#### [Exercise description]
Output the entries below word for word, stopping once the line containing "# F0 (on Front) → F1 (new body)" is done, and omit each picture.

(Exercise inputs Opens)

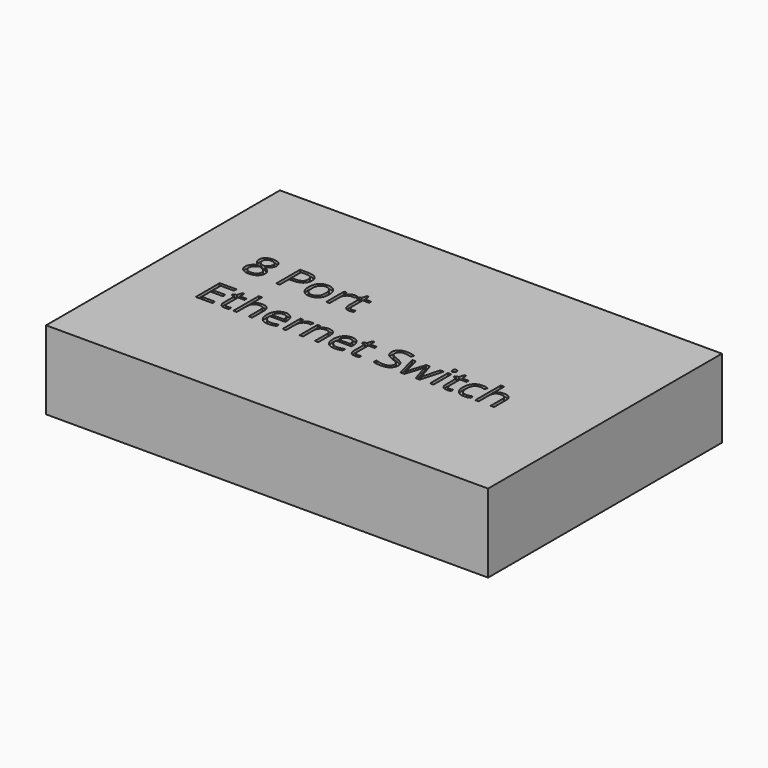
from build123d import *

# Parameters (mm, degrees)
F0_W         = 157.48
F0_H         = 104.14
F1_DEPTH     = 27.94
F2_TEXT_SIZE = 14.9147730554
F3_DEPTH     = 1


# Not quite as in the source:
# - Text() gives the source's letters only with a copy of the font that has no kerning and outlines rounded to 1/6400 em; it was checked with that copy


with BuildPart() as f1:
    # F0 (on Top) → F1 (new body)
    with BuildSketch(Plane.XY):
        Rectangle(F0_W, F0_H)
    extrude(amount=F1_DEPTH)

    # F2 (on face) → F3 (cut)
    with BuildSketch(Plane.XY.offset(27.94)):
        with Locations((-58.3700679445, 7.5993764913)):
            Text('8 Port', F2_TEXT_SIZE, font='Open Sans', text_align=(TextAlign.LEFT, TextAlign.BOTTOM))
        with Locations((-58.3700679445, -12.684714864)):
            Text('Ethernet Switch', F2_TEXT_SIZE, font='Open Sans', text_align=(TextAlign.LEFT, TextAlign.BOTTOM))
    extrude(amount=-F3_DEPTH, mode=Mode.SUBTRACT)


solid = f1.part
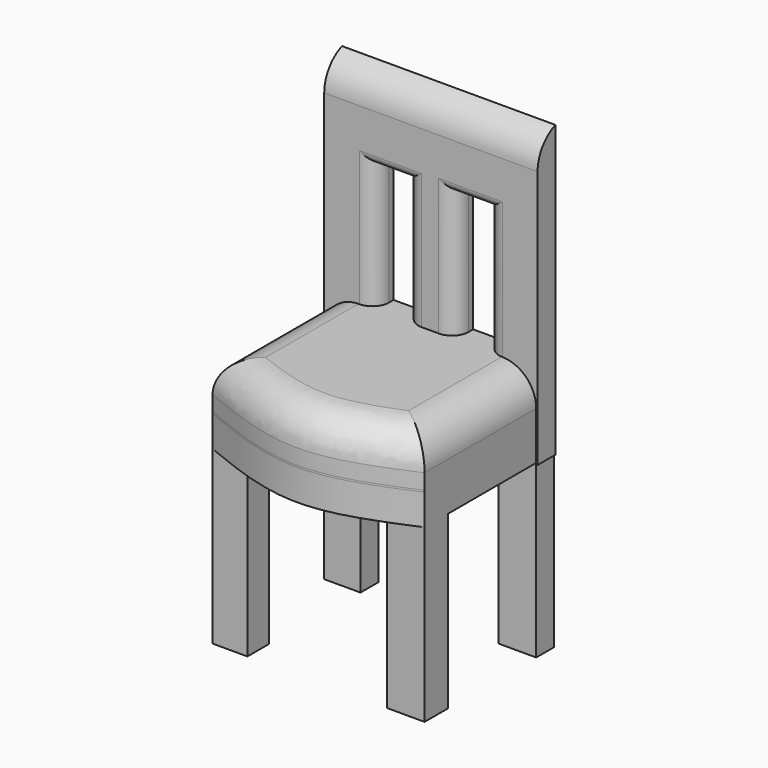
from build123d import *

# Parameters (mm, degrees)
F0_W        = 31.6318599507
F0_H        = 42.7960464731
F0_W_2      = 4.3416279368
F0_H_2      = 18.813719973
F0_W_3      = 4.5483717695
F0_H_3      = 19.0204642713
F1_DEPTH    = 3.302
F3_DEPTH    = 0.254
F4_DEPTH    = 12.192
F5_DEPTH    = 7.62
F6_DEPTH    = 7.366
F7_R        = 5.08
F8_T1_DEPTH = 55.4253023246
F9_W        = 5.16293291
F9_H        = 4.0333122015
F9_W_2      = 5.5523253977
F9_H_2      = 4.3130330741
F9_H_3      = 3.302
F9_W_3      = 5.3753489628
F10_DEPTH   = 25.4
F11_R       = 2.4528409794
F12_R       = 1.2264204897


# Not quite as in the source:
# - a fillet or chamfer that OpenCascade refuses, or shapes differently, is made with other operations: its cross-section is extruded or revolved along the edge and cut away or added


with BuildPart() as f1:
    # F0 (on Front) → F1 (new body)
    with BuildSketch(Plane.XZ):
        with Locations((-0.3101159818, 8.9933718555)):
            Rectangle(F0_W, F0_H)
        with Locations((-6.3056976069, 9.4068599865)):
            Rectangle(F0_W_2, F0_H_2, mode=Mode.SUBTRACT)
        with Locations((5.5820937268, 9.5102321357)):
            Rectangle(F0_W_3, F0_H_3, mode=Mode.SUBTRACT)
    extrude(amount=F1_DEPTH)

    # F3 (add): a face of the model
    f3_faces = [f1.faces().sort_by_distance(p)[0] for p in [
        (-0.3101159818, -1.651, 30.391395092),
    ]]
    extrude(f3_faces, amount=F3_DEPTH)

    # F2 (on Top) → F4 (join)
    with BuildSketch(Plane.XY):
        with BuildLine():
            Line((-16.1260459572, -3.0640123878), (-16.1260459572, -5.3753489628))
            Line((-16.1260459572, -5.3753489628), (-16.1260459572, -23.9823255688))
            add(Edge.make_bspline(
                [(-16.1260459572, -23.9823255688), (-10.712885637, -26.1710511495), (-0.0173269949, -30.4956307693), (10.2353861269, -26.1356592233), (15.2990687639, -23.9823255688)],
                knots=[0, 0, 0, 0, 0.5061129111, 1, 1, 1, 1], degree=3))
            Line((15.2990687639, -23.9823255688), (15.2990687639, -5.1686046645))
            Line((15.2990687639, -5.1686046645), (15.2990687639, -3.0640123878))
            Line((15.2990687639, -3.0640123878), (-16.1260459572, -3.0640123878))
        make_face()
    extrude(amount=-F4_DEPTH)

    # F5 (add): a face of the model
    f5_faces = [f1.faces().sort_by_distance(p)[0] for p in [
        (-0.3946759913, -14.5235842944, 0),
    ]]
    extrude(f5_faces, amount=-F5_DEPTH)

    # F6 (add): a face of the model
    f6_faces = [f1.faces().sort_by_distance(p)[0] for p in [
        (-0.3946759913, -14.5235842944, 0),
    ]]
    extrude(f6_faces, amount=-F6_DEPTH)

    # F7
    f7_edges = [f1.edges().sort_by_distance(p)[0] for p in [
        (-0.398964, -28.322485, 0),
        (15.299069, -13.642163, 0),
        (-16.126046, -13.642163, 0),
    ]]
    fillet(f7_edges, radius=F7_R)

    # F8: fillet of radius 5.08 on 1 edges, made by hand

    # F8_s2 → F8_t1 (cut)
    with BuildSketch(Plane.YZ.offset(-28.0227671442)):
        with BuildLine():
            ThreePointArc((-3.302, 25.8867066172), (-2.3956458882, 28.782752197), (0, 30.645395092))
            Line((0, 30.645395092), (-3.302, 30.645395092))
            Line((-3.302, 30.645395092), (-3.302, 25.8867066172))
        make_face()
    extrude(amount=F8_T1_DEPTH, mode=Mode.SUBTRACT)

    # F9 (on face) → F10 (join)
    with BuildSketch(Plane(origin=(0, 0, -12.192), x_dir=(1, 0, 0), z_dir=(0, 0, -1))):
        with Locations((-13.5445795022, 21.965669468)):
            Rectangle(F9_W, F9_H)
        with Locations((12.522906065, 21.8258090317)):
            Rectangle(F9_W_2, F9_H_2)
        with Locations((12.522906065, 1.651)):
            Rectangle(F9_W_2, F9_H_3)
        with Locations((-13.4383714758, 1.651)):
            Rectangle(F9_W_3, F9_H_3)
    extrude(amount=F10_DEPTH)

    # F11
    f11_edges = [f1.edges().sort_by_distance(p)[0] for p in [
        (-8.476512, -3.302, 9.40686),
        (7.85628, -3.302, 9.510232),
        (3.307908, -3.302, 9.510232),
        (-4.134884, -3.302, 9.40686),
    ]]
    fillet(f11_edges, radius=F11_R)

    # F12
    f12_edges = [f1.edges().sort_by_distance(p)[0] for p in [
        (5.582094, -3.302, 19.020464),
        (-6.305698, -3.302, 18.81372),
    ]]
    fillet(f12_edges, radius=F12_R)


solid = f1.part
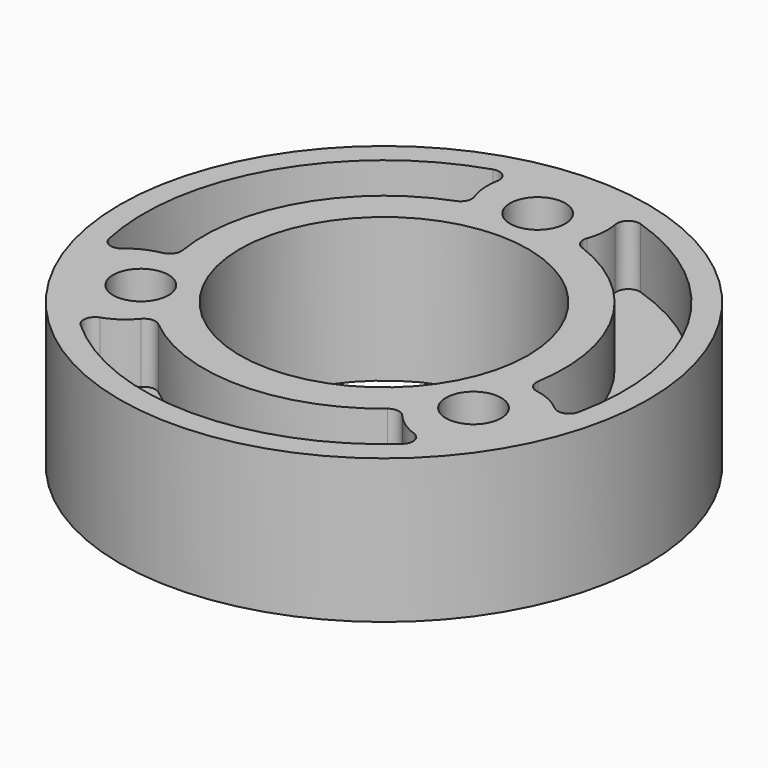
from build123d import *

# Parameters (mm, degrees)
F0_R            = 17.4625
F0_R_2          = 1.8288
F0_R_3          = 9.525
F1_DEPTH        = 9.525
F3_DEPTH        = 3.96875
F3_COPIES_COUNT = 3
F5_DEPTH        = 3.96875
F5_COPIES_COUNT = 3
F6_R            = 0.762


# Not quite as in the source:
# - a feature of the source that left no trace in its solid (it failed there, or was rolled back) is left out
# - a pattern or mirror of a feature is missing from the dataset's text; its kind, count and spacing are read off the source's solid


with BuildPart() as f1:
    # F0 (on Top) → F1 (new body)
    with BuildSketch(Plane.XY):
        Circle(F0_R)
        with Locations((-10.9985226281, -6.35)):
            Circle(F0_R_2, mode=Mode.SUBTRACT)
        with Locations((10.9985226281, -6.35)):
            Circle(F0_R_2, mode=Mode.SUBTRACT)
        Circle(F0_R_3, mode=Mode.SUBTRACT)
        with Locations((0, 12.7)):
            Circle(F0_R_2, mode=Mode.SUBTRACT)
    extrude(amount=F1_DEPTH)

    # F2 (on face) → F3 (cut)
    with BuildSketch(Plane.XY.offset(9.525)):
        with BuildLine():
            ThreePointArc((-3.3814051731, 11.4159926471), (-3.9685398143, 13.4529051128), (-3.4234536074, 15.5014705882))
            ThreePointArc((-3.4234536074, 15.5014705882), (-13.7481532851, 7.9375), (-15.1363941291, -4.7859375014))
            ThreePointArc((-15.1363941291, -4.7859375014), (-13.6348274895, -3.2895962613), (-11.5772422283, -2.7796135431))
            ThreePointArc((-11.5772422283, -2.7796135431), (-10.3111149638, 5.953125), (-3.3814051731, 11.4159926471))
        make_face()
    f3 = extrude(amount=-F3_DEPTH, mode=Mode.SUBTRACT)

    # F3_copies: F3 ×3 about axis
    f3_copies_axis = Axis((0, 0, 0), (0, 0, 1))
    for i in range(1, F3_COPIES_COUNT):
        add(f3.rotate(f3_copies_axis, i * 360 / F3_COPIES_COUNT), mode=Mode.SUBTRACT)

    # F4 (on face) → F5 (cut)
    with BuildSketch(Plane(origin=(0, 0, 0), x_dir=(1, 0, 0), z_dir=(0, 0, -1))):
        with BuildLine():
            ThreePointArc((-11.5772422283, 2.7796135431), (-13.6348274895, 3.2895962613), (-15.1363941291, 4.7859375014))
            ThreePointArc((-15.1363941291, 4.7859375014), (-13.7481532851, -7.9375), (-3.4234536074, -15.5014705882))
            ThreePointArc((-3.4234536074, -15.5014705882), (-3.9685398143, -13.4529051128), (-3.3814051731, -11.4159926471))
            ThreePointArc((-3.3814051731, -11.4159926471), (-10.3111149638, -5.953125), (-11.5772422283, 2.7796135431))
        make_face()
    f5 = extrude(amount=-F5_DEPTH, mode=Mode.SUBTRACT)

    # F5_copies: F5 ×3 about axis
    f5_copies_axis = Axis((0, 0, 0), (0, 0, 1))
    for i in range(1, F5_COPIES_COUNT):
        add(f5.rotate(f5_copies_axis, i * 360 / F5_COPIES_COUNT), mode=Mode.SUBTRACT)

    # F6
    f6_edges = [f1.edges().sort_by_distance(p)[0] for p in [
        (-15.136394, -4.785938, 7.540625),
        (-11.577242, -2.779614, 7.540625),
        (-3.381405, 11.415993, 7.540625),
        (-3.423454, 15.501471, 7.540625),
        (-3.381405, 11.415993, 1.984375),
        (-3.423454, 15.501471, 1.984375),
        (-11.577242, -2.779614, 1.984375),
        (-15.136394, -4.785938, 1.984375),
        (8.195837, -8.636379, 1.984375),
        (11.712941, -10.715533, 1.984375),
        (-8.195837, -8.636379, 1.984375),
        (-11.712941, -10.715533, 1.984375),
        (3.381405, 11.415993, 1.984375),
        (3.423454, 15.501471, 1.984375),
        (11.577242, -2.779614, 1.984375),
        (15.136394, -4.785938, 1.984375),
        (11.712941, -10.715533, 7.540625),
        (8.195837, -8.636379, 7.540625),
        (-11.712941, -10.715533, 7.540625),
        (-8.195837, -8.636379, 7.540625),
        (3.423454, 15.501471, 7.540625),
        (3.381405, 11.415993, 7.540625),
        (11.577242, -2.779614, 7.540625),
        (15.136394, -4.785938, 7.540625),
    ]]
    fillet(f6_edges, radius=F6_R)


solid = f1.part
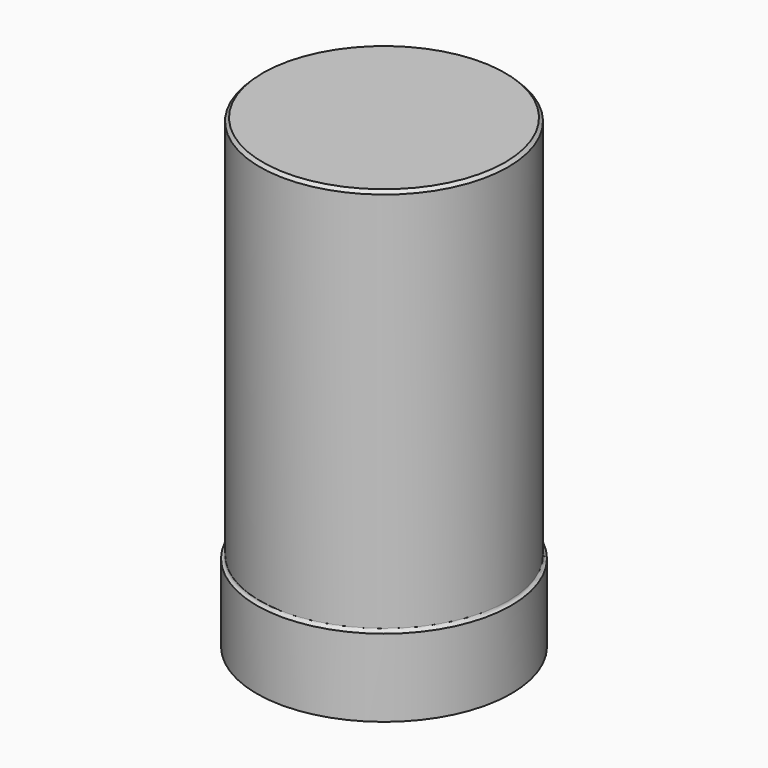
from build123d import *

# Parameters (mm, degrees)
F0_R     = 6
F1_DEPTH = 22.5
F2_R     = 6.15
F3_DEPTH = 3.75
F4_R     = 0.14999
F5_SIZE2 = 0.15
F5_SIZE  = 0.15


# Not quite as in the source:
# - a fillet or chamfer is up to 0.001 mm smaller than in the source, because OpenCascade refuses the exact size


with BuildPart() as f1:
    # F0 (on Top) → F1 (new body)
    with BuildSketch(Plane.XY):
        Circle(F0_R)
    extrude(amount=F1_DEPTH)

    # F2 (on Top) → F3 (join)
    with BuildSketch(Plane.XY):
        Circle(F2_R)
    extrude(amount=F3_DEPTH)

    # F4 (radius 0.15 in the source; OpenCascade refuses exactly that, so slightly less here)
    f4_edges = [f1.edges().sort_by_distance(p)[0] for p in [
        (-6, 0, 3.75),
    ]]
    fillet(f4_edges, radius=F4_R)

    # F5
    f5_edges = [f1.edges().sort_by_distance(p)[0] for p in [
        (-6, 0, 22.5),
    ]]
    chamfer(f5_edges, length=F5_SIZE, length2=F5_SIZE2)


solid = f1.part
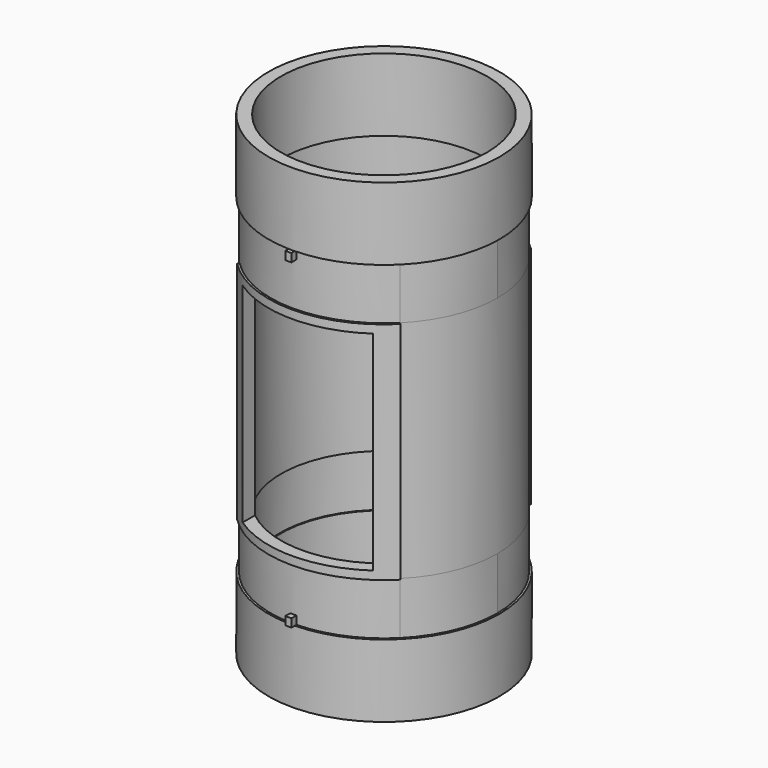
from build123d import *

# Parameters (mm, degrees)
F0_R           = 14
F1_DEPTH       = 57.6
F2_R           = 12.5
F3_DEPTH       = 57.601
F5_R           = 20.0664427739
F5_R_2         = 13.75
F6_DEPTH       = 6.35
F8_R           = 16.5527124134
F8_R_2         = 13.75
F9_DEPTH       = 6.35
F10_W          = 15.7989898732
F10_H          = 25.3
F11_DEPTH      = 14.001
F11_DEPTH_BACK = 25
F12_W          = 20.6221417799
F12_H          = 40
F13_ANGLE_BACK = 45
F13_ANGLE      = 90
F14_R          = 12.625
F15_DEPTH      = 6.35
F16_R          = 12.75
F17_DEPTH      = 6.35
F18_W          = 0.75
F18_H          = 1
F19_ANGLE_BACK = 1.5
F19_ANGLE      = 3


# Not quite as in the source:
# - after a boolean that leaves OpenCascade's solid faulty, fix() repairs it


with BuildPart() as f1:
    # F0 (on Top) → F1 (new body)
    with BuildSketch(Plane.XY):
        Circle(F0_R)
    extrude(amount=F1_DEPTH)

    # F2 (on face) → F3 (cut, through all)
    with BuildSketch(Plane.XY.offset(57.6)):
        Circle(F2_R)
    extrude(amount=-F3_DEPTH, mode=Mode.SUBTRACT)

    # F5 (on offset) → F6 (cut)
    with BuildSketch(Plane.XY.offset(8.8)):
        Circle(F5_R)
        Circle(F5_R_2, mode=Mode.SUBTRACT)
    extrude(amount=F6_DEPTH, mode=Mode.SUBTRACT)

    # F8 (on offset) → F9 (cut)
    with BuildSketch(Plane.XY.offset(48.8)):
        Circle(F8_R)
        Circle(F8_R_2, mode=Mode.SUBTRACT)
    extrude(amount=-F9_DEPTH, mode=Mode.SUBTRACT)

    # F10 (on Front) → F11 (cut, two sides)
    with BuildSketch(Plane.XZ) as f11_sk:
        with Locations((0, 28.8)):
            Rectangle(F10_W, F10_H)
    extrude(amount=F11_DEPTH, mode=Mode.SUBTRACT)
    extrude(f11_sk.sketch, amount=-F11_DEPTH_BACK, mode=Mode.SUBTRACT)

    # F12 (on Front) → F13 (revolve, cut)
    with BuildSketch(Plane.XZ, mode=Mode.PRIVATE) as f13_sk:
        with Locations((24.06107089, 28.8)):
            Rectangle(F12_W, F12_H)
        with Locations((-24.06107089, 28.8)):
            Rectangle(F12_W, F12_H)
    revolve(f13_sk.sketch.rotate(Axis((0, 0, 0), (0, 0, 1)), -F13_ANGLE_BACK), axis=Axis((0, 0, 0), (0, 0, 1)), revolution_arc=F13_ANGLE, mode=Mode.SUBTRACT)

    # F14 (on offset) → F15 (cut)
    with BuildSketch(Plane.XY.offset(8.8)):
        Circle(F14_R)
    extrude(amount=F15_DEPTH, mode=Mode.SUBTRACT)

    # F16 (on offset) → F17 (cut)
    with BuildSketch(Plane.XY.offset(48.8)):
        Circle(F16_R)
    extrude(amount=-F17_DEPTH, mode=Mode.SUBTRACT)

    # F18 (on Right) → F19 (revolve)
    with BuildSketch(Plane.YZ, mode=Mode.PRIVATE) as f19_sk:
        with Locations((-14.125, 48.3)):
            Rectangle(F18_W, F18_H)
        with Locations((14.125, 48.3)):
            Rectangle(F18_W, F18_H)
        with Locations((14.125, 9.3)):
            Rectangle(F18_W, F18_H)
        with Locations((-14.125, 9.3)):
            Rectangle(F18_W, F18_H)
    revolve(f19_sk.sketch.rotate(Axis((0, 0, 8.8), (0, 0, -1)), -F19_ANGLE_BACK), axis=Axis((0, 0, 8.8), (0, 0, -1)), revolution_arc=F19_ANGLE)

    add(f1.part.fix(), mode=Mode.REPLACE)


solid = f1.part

(Exercise inputs Closes)

#### [Response to the exercise]
from build123d import *

# Parameters (mm, degrees)
F0_W         = 157.48
F0_H         = 104.14
F1_DEPTH     = 27.94
F2_TEXT_SIZE = 14.9147730554
F3_DEPTH     = 1


# Not quite as in the source:
# - Text() gives the source's letters only with a copy of the font that has no kerning and outlines rounded to 1/6400 em; it was checked with that copy


with BuildPart() as f1:
    # F0 (on Top) → F1 (new body)
    with BuildSketch(Plane.XY):
        Rectangle(F0_W, F0_H)
    extrude(amount=F1_DEPTH)

    # F2 (on face) → F3 (cut)
    with BuildSketch(Plane.XY.offset(27.94)):
        with Locations((-58.3700679445, 7.5993764913)):
            Text('8 Port', F2_TEXT_SIZE, font='Open Sans', text_align=(TextAlign.LEFT, TextAlign.BOTTOM))
        with Locations((-58.3700679445, -12.684714864)):
            Text('Ethernet Switch', F2_TEXT_SIZE, font='Open Sans', text_align=(TextAlign.LEFT, TextAlign.BOTTOM))
    extrude(amount=-F3_DEPTH, mode=Mode.SUBTRACT)


solid = f1.part
from build123d import *

# Parameters (mm, degrees)
F0_W        = 31.6318599507
F0_H        = 42.7960464731
F0_W_2      = 4.3416279368
F0_H_2      = 18.813719973
F0_W_3      = 4.5483717695
F0_H_3      = 19.0204642713
F1_DEPTH    = 3.302
F3_DEPTH    = 0.254
F4_DEPTH    = 12.192
F5_DEPTH    = 7.62
F6_DEPTH    = 7.366
F7_R        = 5.08
F8_T1_DEPTH = 55.4253023246
F9_W        = 5.16293291
F9_H        = 4.0333122015
F9_W_2      = 5.5523253977
F9_H_2      = 4.3130330741
F9_H_3      = 3.302
F9_W_3      = 5.3753489628
F10_DEPTH   = 25.4
F11_R       = 2.4528409794
F12_R       = 1.2264204897


# Not quite as in the source:
# - a fillet or chamfer that OpenCascade refuses, or shapes differently, is made with other operations: its cross-section is extruded or revolved along the edge and cut away or added


with BuildPart() as f1:
    # F0 (on Front) → F1 (new body)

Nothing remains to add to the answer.